And yes, Koreans had to imbibe that special cocktail of geopolitical-cultural power, to drink that special flavor of the neo-colonial Kool-Aid. And it was within that general historiopsychological frame of sadaejuui that Korean national deveopment took place, with the concrete assistance and support of the USA (and former colonizer Japan, many Koreans like to conveniently forget), while that development process founf internal validation through external markers. Symbolic GDP levels of 10,000 or 20,000 per capita GDP were important psychological moments for Korea, as were the 1988 Olympics, which was both an impetus and a symbol for Korea becoming modern, or at least, being seen that way. This sadaejuui pattern of thinking backgrounded everything Koreans did on their own, internally, with validation of these efforts coming from the outside, most importantly, the White West, and even more importantly, the USA. So, as the "global" has become more than just a pipe dream and a reality for a Korea with not just a highly developed infrastructure in heavy industry, factory production, and ideologies of anti-Communism that have served the Republic well, but which now has a highly developed popular culture infrastructure in music, film, food, and fashion, there is now a discernible "global fetish" that undergirds and validates Korean cultural projects. The recent "Premium Korea" ad from the CJ group is a perfect case with which to illustrate how sadajuui has evolved into a "global fetish" (a brilliant concept articulated by scholar Kim Hyunjung) that both undergirds and validates all commercial and cultural endeavors in Korea, as well as the Korean national project itself. 

Fashion Control Groups
Hopefully, the way in which Korean street fashion is evolving in relation to the increasing international attention it enjoys should be much clearer, along with the understanding of the cultural context in which Schuman did his first work in Korea, the reception it received, and why. And hopefully, it should be clearer why identifying the KOREA in Korean street fashion photography is increasingly problematic, especially when understood within the context of how the qestion of identifying the specific and the local within a larger entity that is becoming increasingly popular by virtue of its universal appeal -- should be easier to understand. Where is the local in an entity whose popularity mostly comes from its globality? Where is the specific, the Koreanness, within an aesthetic system whose very logic and language is expressed in universal terms? Whhat I find fascinating about understanding culture through fashion in Korea is looking at aspects of Korean fashion culture that have remained essentially unchanged for decades and are largely unaffected by greater global changes in preferences, or even by many more fleeting, specific trends; certain looks and genres of clothing are like the control group in an experiment, the constant, common factor that helps place into sharp relief that thing that you're looking for. If one is concerned with Korean fashion, one has to think about this control group, the pure and unchanging Korean fashion points and what they indicate. 

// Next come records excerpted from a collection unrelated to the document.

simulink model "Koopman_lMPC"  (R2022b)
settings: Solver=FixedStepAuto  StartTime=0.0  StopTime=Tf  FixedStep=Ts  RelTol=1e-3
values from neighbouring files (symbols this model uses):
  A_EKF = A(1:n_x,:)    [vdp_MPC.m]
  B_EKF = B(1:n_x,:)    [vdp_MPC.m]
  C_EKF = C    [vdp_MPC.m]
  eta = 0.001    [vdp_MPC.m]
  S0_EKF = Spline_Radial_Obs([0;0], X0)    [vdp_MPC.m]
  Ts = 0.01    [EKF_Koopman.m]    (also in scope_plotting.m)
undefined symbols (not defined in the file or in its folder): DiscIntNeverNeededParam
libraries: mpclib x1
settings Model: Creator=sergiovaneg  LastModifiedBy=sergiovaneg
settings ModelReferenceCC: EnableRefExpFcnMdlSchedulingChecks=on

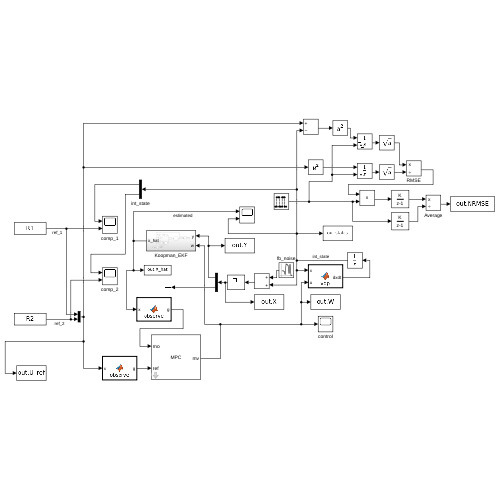
[thumbnail: Simulink's stored preview of the top-level diagram]
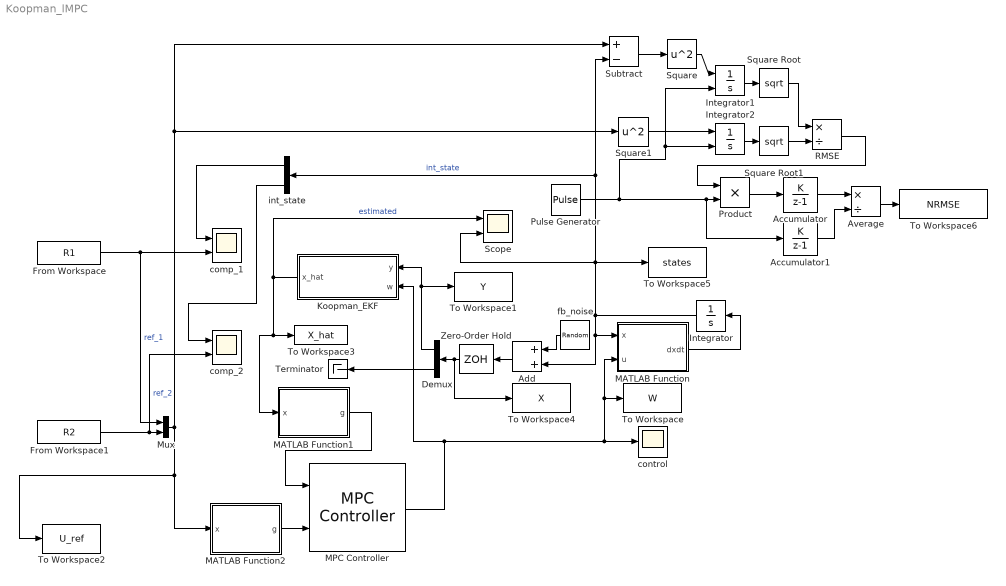
== system Koopman_lMPC ==
  Accumulator : DiscreteIntegrator  IntegratorMethod=Accumulation: Forward Euler  InitialCondition=[0;0]  SampleTime=Ts  ICPrevOutput=DiscIntNeverNeededParam  ICPrevScaledInput=DiscIntNeverNeededParam
  Accumulator1 : DiscreteIntegrator  IntegratorMethod=Accumulation: Forward Euler  SampleTime=-1  ICPrevOutput=DiscIntNeverNeededParam  ICPrevScaledInput=DiscIntNeverNeededParam
  Add : Sum
  Average : Product  Inputs=*/
  Demux : Demux  Outputs=2
  From Workspace : FromWorkspace  VariableName=R1
  From Workspace1 : FromWorkspace  VariableName=R2
  Integrator : Integrator  InitialCondition=[0;0]
  Integrator1 : Integrator  ExternalReset=falling  InitialCondition=[0;0]
  Integrator2 : Integrator  ExternalReset=falling  InitialCondition=[eps;eps]
  Koopman_EKF : Subsystem
  MATLAB Function : MATLAB Function  TreatAsAtomicUnit=on
  MATLAB Function1 : MATLAB Function  TreatAsAtomicUnit=on
  MATLAB Function2 : MATLAB Function  TreatAsAtomicUnit=on
  MPC Controller : mpclib/MPC Controller  SCDEnableBlockLinearizationSpecification=on  mpcobj=controller  x0=ctrl_0  is_multiple=0  enable_value=0  return_u0=off  updateMPCinCallerWorkspace=on  md_inport=off  mv_inport=off  uref_inport=off  return_cost=off  return_mvseq=off  return_qpstatus=off  return_xseq=off  return_state=off  return_ovseq=off  state_inport=off  umin_inport=off  umax_inport=off  ymin_inport=off  ymax_inport=off  cc_inport=off  ywt_inport=off  uwt_inport=off  duwt_inport=off  rhoeps_inport=off  pm_inport=off  MaximumP=10  HorizonChoice=FixedHorizon  n_ts=0.01  n_p=25  n_mv=1  n_md=0  n_ud=0  n_mo=77  n_uo=0  BlockDataType=double  SampleTimeInherited=off  switch_inport=off
  Mux : Mux  Inputs=2
  Product : Product
  Pulse Generator : DiscretePulseGenerator  Period=10/Ts  SampleTime=Ts
  RMSE : Product  Inputs=*/
  Scope : Scope  NumInputPorts=2
  Square : Math  Operator=square
  Square Root : Sqrt
  Square Root1 : Sqrt
  Square1 : Math  Operator=square
  Subtract : Sum  Inputs=+-
  Terminator : Terminator
  To Workspace : ToWorkspace  VariableName=W  SampleTime=Ts
      settings: Save2DSignal=2-D array (concatenate along first dimension)
  To Workspace1 : ToWorkspace  VariableName=Y  SampleTime=Ts
      settings: Save2DSignal=2-D array (concatenate along first dimension)
  To Workspace2 : ToWorkspace  VariableName=U_ref  SampleTime=Ts
      settings: Save2DSignal=2-D array (concatenate along first dimension)
  To Workspace3 : ToWorkspace  VariableName=X_hat  SampleTime=Ts
      settings: Save2DSignal=2-D array (concatenate along first dimension)
  To Workspace4 : ToWorkspace  VariableName=X  SampleTime=Ts
      settings: Save2DSignal=2-D array (concatenate along first dimension)
  To Workspace5 : ToWorkspace  VariableName=states  SampleTime=Ts
      settings: Save2DSignal=2-D array (concatenate along first dimension)
  To Workspace6 : ToWorkspace  VariableName=NRMSE  SampleTime=-1
      settings: MaxDataPoints=1  Save2DSignal=2-D array (concatenate along first dimension)
  Zero-Order Hold : ZeroOrderHold  SampleTime=Ts
  comp_1 : Scope  NumInputPorts=2
  comp_2 : Scope  NumInputPorts=2
  control : Scope
  fb_noise : RandomNumber  Variance=eta  Seed=[2;3]  SampleTime=Ts
  int_state : Demux  Outputs=2
  wires:
  int_state/1 -> comp_1/1
  fb_noise/1 -> Add/1
  MPC Controller/1 -> Koopman_EKF/2(w), MATLAB Function/2(u), To Workspace/1, control/1
  Integrator/1 -> Subtract/2, int_state/1, Scope/2, To Workspace5/1, Add/2, MATLAB Function/1(x)  "int_state"
  From Workspace1/1 -> comp_2/2, Mux/2  "ref_2"
  int_state/2 -> comp_2/1
  MATLAB Function/1(dxdt) -> Integrator/1
  Mux/1 -> To Workspace2/1, MATLAB Function2/1(x), Subtract/1, Square1/1
  Demux/1 -> Koopman_EKF/1(y), To Workspace1/1
  Demux/2 -> Terminator/1
  Koopman_EKF/1(x_hat) -> MATLAB Function1/1(x), To Workspace3/1, Scope/1  "estimated"
  Zero-Order Hold/1 -> To Workspace4/1, Demux/1
  Add/1 -> Zero-Order Hold/1
  Subtract/1 -> Square/1
  Square/1 -> Integrator1/1
  From Workspace/1 -> comp_1/2, Mux/1  "ref_1"
  Integrator1/1 -> Square Root/1
  MATLAB Function1/1(g) -> MPC Controller/1
  MATLAB Function2/1(g) -> MPC Controller/2
  Square Root/1 -> RMSE/1
  Integrator2/1 -> Square Root1/1
  Square1/1 -> Integrator2/1
  Square Root1/1 -> RMSE/2
  Pulse Generator/1 -> Accumulator1/1, Product/2, Integrator1/2, Integrator2/2
  Accumulator/1 -> Average/1
  Product/1 -> Accumulator/1
  RMSE/1 -> Product/1
  Accumulator1/1 -> Average/2
  Average/1 -> To Workspace6/1

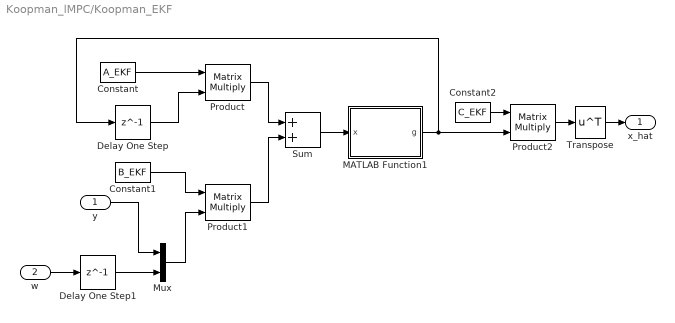
== system Koopman_lMPC/Koopman_EKF ==
  y : Inport
  w : Inport  Port=2
  Constant : Constant  Value=A_EKF
  Constant1 : Constant  Value=B_EKF
  Constant2 : Constant  Value=C_EKF
  Delay One Step : Delay  DelayLength=1  InitialCondition=S0_EKF
  Delay One Step1 : Delay  DelayLength=1  InitialCondition=0
  MATLAB Function1 : MATLAB Function  TreatAsAtomicUnit=on
  Mux : Mux  Inputs=2
  Product : Product  Multiplication=Matrix(*)
  Product1 : Product  Multiplication=Matrix(*)
  Product2 : Product  Multiplication=Matrix(*)
  Sum : Sum
  Transpose : Math  Operator=transpose
  x_hat : Outport
  wires:
  Constant/1 -> Product/1
  Delay One Step/1 -> Product/2
  Product/1 -> Sum/1
  Constant1/1 -> Product1/1
  Product1/1 -> Sum/2
  Sum/1 -> MATLAB Function1/1(x)
  Constant2/1 -> Product2/1
  w/1 -> Delay One Step1/1
  y/1 -> Mux/1
  Mux/1 -> Product1/2
  Delay One Step1/1 -> Mux/2
  MATLAB Function1/1(g) -> Product2/2, Delay One Step/1
  Product2/1 -> Transpose/1
  Transpose/1 -> x_hat/1

== matlab function Koopman_lMPC/MATLAB Function ==
  data: x input; u input; dxdt output
function dxdt = vdp(x,u)
    dxdt = zeros(2,1);
    dxdt(1) = 2*x(2);
    dxdt(2) = -0.8*x(1)+2*x(2)-10*(x(1)^2)*x(2)+u;

== matlab function Koopman_lMPC/MATLAB Function1 ==
  data: x input; g output; X0_VDP parameter
function g = observe(x,X0_VDP)
    g=zeros(size(x,1)+size(X0_VDP,2),1);
    aux = vecnorm(X0_VDP-x)';
    g(1:size(x,1))=x;
    g(size(x,1)+1:end)=aux.*log(aux.^aux);
end

== matlab function Koopman_lMPC/MATLAB Function2 ==
  data: x input; g output; X0_VDP parameter
function g = observe(x,X0_VDP)
    g=zeros(size(x,1)+size(X0_VDP,2),1);
    aux = vecnorm(X0_VDP-x)';
    g(1:size(x,1))=x;
    g(size(x,1)+1:end)=aux.*log(aux.^aux);
end

== matlab function Koopman_lMPC/Koopman_EKF/MATLAB Function1 ==
  data: x input; g output; X0_EKF parameter
function g = observe(x,X0_EKF)
    g=zeros(size(x,1)+size(X0_EKF,2),1);
    aux = vecnorm(X0_EKF-x)';
    g(1:size(x,1))=x;
    g(size(x,1)+1:end)=aux.*log(aux.^aux);
end

This look, in it's social innocuousness, its demureness (shoulders MUST be covered!), and its sheer, unabashed femininity, is  oh, so Korean .

This look, in it's social innocuousness, its demureness (shoulders MUST be covered!), and its sheer, unabashed femininity, is oh, so Korean.

But there's a quiet charm to the girl waiting on her date under the cherry blossom tree. And it comes through despite even the thick stockings, and real fear of looking improper without something to cover her bare shoulders. Change the angle, you might catch a different nuance to the message that's being conveyed in the communicative act of fashion consumption.

But there's a quiet charm to the girl waiting on her date under the cherry blossom tree. And it comes through despite even the thick stockings, and real fear of looking improper without something to cover her bare shoulders. Change the angle, you might catch a different nuance to the message that's being conveyed in the communicative act of fashion consumption.

So I had the idea to bring the content, and not just the aesthetic, into the realm of the everyday, with the cliched concept of a photo shoot with cherry blossoms, which is something lots of Korean women want to do around this time of year. But with a specific hook. "Sogaeting (blind date) in Spring." A blindingly normal and desperately nice young lady waiting on her blind date partner, who doesn't seem to be coming anytime soon -- Korean dating culture is rife with stories of people who show up to a blind date only to be scoped out and categorically dismissed from a distance, at which point the dastardly date in question does a disappearing act resulting in a no-show from the point-of-view of the hapless, lonely soul who politely waits far past the appointed meeting time. 

Even nice ( chakhan ) Ji-hyun starts to wonder if something's amiss...

Even nice (chakhan) Ji-hyun starts to wonder if something's amiss...

News of her fate seems positive, as a non-committal message chalks the lateness up to traffic...

News of her fate seems positive, as a non-committal message chalks the lateness up to traffic...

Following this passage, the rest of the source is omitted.